Appalachian Basin

Common Sense Legislation Allows Drillers to Conserve Water in Fracking Operations

Last week, Governor Tom Wolf signed into law a bill that would make it easier for oil and gas companies to use treated acid mine drainage (AMD) water to hydraulically fracture shale wells in the Commonwealth. The new Act 47, which is being touted as commonsense legislation, will also help further decrease the amount of fresh water consumption by Pennsylvania’s oil and natural gas industry.

Dave Spigelmyer, President of the Marcellus Shale Coalition, told the Washington Observer-Reporter,

“While we’re still reviewing this legislation, commonsense approaches like this reflect innovative solutions that shale producers are leveraging across the Commonwealth aimed at enhancing our environment.”

The bill was first proposed by Senator Camera Bartolotta (R-46) and was approved by the state House on September 21st by a measure of 160 -37. It also passed the Senate on September 29th by a measure of 29-18. According to Bartolotta:

“The beneficial use of treated mine water holds the potential to reduce the use of millions of gallons of fresh water in oil and gas operations. Clarifying liability issues will remove the biggest barrier to the use of this resource. One of my priorities is supporting the development of our natural resources and industry in a way that is safe and responsible. This approach to preserving fresh water supplies is exactly the kind of innovation that we should promote.”

According to the Pennsylvania Department of Environmental Protection (DEP), the state spends $19 million annually on abandoned mine reclamation. If Pennsylvania’s oil and gas industry can utilize the AMD water to complete shale wells then that could be a huge burden lifted off the DEP and more importantly, taxpayers.

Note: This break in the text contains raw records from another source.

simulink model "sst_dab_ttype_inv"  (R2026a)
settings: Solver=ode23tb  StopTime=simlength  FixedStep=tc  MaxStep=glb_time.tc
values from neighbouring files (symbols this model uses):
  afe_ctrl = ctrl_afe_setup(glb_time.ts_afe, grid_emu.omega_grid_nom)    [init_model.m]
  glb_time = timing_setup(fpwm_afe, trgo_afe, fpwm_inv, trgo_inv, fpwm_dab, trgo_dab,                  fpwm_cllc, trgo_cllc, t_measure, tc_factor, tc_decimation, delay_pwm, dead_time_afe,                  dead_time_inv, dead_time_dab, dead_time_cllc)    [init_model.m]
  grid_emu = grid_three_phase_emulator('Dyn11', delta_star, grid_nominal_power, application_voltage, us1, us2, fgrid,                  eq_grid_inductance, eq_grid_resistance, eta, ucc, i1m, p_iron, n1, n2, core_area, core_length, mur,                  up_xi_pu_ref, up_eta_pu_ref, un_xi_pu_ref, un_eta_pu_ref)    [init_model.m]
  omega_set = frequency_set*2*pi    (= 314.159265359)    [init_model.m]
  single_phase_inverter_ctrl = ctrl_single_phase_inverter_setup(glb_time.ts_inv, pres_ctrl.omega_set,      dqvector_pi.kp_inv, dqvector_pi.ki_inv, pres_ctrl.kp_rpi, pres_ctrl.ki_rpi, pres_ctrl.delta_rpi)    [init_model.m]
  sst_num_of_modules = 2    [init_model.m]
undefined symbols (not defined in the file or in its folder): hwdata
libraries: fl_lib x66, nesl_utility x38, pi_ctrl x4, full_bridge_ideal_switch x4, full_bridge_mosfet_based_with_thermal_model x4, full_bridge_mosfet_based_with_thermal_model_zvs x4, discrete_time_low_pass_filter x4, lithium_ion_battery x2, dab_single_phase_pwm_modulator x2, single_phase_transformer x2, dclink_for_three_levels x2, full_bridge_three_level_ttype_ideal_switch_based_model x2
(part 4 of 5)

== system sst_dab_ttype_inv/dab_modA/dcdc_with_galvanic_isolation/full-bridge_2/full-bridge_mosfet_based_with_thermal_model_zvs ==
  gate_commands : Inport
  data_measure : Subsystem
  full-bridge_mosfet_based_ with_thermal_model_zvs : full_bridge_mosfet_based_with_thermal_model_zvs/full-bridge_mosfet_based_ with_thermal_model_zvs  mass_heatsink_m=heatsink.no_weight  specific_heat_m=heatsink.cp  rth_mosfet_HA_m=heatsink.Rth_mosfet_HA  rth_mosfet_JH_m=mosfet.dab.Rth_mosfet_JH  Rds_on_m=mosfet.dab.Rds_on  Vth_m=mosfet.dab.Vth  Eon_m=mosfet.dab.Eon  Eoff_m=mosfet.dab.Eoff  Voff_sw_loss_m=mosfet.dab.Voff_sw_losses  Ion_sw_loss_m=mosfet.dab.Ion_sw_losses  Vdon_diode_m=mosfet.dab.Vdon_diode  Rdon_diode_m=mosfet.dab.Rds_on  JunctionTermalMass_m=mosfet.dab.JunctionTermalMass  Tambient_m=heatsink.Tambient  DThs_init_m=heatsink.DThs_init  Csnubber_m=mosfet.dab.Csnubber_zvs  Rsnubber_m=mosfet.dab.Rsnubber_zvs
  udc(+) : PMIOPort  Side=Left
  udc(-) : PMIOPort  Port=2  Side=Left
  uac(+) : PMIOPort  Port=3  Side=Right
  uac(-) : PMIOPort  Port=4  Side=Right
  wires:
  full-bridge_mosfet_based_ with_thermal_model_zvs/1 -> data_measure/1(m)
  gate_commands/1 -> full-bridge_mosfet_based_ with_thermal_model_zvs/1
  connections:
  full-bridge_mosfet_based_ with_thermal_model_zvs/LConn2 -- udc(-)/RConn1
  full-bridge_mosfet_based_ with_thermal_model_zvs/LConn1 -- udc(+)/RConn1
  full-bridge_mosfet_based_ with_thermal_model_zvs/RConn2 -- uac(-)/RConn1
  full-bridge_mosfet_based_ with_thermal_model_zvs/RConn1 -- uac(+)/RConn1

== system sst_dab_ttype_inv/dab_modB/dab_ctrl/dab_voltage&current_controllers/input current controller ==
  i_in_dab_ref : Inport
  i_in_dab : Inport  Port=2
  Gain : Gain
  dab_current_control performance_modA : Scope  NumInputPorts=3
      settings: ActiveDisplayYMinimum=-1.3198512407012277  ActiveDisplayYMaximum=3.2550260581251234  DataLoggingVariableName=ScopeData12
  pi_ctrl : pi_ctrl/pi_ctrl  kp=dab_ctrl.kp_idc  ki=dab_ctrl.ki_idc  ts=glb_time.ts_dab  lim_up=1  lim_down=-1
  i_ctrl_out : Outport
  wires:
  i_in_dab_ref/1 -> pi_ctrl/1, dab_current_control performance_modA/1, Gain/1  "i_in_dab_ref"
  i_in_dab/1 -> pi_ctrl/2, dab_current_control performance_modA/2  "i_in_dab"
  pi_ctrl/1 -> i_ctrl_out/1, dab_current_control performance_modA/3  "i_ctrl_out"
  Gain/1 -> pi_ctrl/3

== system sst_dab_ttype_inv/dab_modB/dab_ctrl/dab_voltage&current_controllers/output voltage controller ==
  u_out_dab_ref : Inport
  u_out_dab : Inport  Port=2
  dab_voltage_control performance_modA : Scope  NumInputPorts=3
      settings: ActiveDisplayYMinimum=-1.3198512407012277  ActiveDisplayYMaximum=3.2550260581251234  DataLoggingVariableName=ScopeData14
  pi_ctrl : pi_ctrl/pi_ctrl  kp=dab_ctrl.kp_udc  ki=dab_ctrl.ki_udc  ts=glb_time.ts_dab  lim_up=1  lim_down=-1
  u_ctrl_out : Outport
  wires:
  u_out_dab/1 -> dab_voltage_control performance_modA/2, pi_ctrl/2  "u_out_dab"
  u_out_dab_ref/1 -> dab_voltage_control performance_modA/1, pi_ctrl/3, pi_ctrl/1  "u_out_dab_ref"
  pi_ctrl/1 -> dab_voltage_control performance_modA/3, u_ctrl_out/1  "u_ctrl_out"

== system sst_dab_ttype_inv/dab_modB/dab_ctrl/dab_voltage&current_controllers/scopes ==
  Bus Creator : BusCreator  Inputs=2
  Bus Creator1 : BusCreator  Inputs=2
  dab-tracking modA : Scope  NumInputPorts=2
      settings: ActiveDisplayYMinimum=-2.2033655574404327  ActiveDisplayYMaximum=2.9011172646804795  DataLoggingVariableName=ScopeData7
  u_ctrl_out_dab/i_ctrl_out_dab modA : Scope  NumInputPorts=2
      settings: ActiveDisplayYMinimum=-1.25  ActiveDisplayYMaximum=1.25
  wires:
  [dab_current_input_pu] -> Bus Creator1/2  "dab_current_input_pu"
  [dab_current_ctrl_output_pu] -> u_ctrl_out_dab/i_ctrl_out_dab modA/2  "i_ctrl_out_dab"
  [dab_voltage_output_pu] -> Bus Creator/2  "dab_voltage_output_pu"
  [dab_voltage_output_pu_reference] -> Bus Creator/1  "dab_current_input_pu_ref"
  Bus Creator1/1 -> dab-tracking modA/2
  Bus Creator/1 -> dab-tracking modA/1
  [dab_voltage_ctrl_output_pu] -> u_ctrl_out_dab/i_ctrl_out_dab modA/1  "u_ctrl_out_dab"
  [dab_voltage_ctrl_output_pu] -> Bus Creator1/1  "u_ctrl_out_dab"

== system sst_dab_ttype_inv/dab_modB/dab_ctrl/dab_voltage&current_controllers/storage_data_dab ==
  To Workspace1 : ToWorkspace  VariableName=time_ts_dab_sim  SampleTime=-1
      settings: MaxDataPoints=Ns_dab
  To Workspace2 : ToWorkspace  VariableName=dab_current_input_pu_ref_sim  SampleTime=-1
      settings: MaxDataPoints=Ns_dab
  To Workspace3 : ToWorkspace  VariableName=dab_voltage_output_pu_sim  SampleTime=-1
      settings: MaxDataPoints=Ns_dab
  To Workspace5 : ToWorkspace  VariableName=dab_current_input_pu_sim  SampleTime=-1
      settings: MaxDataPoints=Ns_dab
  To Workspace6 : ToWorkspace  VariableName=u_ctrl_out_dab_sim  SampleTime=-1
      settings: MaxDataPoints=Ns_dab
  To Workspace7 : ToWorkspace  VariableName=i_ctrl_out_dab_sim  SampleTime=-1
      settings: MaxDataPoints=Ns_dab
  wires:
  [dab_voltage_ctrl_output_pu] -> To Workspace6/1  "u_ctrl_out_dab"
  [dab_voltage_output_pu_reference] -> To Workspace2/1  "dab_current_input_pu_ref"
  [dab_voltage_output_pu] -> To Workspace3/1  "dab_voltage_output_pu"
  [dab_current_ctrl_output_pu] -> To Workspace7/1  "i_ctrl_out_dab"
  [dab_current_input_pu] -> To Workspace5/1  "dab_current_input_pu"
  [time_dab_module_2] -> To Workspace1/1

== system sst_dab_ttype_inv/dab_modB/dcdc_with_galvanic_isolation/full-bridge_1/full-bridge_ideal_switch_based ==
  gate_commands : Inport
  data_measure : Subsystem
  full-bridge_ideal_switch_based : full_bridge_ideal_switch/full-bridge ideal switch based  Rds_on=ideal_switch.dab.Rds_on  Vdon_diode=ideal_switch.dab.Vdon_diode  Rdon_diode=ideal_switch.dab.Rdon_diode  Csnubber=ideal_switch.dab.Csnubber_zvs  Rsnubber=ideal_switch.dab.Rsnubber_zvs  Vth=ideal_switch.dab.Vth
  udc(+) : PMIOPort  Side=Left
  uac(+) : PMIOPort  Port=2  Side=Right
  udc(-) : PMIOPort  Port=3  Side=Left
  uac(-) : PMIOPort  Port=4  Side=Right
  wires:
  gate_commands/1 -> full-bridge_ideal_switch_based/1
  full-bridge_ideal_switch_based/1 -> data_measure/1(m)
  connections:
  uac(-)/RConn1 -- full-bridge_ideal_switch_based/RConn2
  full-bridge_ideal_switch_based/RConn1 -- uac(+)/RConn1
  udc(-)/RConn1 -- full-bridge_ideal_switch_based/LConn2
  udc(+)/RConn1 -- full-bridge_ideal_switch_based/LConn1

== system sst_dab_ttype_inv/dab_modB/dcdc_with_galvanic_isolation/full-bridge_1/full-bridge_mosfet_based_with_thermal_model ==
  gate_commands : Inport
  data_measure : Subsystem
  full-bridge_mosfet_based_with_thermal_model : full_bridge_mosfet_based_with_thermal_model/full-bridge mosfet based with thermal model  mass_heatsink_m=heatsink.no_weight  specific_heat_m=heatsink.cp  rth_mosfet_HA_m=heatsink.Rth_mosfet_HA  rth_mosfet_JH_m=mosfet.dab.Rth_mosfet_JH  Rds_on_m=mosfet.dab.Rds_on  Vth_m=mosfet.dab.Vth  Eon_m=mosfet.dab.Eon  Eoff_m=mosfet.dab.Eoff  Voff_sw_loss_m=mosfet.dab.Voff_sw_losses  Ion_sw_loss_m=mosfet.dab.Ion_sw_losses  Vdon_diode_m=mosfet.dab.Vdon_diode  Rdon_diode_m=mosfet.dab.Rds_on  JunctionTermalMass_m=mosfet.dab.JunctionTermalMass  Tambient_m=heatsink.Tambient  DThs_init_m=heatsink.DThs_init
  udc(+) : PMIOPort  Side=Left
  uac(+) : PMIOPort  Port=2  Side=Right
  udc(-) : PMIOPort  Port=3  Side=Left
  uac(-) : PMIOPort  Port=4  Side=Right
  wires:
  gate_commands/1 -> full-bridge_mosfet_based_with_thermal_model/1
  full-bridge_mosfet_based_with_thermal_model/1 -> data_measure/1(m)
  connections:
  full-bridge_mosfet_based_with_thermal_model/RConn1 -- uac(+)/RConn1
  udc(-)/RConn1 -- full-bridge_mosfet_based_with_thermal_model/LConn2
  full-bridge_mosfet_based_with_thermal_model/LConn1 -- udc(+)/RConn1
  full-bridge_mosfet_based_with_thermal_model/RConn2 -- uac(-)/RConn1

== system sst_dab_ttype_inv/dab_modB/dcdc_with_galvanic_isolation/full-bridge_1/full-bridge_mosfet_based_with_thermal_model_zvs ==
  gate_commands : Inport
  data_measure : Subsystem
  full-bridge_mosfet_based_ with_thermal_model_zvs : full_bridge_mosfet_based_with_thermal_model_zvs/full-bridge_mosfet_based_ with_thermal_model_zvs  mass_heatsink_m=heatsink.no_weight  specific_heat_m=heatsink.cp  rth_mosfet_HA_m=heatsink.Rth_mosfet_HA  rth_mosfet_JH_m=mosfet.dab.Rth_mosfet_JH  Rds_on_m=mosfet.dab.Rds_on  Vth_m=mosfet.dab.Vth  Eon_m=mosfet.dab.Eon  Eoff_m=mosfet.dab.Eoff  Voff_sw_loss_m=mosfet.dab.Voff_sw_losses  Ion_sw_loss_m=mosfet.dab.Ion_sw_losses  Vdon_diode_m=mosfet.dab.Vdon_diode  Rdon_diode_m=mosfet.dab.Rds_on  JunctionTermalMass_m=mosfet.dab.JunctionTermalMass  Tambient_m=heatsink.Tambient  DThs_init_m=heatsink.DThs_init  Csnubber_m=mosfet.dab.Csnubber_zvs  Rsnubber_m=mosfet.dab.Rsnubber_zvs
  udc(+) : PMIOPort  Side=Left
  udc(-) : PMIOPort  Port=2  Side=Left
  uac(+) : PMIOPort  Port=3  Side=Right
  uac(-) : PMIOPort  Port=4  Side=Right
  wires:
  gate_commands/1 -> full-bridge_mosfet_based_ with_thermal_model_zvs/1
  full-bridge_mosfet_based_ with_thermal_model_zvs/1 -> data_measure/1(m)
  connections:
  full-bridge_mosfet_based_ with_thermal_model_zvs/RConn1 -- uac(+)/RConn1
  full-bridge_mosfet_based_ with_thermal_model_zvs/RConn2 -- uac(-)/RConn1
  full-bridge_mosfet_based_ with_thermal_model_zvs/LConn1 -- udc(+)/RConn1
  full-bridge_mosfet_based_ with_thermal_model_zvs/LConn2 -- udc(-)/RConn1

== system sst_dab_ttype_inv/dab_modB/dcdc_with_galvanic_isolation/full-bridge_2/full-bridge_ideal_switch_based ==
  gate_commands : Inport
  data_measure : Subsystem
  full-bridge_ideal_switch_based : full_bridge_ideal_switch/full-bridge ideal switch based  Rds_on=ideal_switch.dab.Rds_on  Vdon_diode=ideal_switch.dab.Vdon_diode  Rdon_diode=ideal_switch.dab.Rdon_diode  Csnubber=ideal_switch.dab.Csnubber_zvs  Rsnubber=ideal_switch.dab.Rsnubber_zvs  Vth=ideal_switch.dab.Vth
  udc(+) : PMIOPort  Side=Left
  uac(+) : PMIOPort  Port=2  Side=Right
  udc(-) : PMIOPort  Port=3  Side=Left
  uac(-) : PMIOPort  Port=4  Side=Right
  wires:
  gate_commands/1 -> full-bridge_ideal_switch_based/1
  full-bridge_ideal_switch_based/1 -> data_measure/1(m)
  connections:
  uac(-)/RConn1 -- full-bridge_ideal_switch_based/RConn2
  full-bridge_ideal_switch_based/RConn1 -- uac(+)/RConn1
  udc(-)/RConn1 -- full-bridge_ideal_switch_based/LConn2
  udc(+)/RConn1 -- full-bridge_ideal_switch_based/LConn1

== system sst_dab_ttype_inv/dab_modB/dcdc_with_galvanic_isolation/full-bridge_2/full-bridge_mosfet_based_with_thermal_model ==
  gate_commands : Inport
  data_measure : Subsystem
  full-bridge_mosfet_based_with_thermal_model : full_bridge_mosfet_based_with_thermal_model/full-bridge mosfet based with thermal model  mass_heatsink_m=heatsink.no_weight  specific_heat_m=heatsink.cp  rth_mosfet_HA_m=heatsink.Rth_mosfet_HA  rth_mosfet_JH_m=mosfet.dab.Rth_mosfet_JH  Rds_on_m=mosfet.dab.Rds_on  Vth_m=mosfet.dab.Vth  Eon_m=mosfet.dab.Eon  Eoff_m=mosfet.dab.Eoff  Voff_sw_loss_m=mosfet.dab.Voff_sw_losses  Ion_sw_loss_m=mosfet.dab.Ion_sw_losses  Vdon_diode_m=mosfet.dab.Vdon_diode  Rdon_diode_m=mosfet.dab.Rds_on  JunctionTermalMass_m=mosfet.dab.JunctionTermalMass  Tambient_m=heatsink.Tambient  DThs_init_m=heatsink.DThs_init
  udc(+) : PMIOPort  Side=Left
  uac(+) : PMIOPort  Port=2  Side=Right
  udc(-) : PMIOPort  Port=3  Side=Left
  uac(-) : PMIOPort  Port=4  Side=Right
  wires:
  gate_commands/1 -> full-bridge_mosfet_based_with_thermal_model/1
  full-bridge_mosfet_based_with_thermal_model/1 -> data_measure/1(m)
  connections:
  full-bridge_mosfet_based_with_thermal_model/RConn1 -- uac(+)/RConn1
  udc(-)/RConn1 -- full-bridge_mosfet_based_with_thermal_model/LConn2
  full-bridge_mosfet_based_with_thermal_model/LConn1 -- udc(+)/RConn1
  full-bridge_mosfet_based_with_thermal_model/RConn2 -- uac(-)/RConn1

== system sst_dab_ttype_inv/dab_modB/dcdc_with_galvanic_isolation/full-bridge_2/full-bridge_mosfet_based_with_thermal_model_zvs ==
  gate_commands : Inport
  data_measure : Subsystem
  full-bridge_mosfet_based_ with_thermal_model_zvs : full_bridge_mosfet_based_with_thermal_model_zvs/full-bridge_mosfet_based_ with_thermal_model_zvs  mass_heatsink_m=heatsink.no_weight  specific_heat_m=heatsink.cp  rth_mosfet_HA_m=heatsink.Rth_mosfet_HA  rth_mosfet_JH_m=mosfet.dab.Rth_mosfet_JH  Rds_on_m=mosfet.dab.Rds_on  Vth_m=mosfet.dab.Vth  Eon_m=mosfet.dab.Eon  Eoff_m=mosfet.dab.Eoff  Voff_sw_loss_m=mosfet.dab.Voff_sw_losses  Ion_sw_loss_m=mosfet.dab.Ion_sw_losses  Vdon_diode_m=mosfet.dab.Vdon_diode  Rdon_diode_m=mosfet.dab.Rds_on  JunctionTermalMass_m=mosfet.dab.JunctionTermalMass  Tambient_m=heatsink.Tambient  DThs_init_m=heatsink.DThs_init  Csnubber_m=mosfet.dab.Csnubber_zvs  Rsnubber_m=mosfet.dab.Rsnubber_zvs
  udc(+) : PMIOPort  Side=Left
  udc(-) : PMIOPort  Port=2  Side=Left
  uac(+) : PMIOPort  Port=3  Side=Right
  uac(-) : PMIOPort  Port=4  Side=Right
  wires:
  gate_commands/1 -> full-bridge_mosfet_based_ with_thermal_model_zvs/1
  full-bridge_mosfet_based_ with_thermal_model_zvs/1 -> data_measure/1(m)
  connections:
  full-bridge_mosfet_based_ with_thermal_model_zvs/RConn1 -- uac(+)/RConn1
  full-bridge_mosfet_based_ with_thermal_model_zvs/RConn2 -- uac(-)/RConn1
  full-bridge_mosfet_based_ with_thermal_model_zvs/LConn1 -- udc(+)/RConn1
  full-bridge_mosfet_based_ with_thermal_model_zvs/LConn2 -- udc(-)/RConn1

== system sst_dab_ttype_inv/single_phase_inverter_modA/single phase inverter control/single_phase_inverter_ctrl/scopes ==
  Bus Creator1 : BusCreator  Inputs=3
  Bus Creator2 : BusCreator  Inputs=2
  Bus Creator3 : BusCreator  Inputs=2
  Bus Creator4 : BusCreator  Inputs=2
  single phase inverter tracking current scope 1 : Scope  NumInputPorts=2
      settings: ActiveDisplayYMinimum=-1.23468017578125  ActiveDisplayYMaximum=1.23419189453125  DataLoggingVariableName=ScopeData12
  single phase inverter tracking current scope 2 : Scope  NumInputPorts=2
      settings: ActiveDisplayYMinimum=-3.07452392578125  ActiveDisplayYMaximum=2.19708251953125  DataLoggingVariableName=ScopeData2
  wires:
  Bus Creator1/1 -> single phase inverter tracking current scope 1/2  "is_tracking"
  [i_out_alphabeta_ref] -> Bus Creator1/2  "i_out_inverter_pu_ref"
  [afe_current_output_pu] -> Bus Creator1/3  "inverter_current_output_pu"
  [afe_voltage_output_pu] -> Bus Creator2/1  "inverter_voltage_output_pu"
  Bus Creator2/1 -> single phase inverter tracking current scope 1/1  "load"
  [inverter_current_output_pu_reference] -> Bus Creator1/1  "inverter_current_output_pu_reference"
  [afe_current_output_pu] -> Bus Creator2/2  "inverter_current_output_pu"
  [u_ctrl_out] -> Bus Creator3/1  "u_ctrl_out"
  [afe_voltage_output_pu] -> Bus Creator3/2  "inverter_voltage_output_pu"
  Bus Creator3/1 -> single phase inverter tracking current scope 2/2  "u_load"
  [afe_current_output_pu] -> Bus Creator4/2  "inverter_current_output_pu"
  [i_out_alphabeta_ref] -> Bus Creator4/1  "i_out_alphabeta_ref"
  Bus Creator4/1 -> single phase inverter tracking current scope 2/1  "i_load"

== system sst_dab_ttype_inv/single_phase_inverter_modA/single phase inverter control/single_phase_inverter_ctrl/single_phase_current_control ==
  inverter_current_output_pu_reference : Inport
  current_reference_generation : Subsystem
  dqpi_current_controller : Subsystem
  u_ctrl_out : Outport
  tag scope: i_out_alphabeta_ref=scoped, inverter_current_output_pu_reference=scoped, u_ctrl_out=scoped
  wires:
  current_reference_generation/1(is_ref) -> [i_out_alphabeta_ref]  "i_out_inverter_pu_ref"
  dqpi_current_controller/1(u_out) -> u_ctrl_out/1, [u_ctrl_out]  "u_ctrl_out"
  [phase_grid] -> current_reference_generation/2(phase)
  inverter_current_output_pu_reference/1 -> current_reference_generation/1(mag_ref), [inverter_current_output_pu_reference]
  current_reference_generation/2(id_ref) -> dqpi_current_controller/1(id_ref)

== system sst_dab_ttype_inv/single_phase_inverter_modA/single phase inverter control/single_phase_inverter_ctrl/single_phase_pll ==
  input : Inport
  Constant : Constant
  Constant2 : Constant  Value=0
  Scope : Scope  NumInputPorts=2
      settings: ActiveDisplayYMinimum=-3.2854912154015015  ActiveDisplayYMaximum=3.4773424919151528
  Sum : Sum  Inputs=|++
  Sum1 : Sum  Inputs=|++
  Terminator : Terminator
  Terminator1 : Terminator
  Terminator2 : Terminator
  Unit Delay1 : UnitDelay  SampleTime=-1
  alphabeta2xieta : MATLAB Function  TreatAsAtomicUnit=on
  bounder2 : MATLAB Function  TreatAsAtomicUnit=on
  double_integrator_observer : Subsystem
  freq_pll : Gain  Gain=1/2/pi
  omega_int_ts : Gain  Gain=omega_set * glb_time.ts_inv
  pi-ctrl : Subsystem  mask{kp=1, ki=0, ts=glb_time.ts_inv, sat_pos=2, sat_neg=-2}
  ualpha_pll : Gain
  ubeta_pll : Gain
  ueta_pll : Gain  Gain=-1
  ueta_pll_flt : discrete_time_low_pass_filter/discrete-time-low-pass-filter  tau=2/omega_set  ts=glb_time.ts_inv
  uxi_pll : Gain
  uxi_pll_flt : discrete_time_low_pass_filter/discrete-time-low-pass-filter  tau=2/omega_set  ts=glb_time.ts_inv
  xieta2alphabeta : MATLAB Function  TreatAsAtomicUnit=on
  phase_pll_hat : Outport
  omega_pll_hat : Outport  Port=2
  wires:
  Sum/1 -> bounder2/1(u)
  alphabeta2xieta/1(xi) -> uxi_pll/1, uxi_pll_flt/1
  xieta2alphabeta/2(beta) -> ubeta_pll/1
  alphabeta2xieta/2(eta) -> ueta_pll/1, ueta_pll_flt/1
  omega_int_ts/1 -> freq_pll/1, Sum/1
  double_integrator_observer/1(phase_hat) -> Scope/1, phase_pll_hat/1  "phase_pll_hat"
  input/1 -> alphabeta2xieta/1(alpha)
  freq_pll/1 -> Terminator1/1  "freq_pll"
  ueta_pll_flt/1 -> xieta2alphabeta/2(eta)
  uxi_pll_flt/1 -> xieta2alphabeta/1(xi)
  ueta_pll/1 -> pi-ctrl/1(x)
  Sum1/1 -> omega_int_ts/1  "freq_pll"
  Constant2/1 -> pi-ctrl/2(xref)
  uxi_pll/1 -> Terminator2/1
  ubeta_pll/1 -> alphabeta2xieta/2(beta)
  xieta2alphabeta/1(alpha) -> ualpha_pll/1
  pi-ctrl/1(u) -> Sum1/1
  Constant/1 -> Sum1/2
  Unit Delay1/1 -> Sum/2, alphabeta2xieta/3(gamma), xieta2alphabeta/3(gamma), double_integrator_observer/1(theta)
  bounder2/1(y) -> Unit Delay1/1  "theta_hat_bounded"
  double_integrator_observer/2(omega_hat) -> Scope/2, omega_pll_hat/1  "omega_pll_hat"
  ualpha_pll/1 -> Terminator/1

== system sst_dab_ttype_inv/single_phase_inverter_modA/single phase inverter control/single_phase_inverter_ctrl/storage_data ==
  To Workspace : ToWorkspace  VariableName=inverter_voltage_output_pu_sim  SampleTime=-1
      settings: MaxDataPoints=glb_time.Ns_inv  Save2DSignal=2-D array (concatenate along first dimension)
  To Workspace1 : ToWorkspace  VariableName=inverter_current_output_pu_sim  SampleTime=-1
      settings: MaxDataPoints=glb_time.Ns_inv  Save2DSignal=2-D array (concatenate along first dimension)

And with the new legislation paving the way for companies to use the AMD, it has the potential to build on existing innovations that have already helped operators to lessen their water usage in the Marcellus. For instance, the Pittsburgh Tribune Review reported in 2013 that “across the state, more than 90 percent of the water that flows back to the surface during the hydraulic fracturing process is recycled for reuse at other wells, according the state Department of Environmental Protection.”

This significantly reduces the amount of fresh water being used to hydraulically fracture wells in Pennsylvania, which according to reports from Duke University and the U.S. Governmental Accountability Office (GAO), is already less than one percent of all water withdrawals for the entire industry across the country. From the Duke report:

“This estimated water use is 0.87% of the total industrial water used in the United States and only 0.04% of the total fresh water use per year in the United States.” (page 3, emphasis added)

Yet, despite this clear win-win legislation, environmental groups – as usual – are opposed to the new Act 47. According to Tracy Carluccio, Deputy Director of the Delaware Riverkeeper:

“Governor Wolf has thrown in with the gas and oil companies by signing this law that promotes mine drainage for fracking while removing liability for the pollution this can cause. How can the Governor favor protecting these polluting industries over the public and the environment? This law is unjust for coal ravaged communities which will now be subjected to water raids and to those areas already reeling from shale gas development, and heaps further harm on Pennsylvania’s injured environment.”

Unfortunately for groups like the Delaware Riverkeeper – who are dug deep into their trenches in opposition to hydrocarbon development – science is not on their side. According to a 2013 study by the Department of Civil and Environmental Engineering at the University of Pittsburgh:

“This approach would alleviate demand for fresh water by the gas industry, reduce environmental impact of AMD, reduce the cost of water transportation for hydraulic fracturing, reduce the greenhouse gas emissions by the gas industry and reduce the cost of wastewater treatment before reuse for hydraulic fracturing.”

Regulatory progress and commonsense legislation prove that Pennsylvania’s oil and natural gas industry can continue to be a boon to the Commonwealth’s economy while being protective of the environment and health of those living in the region.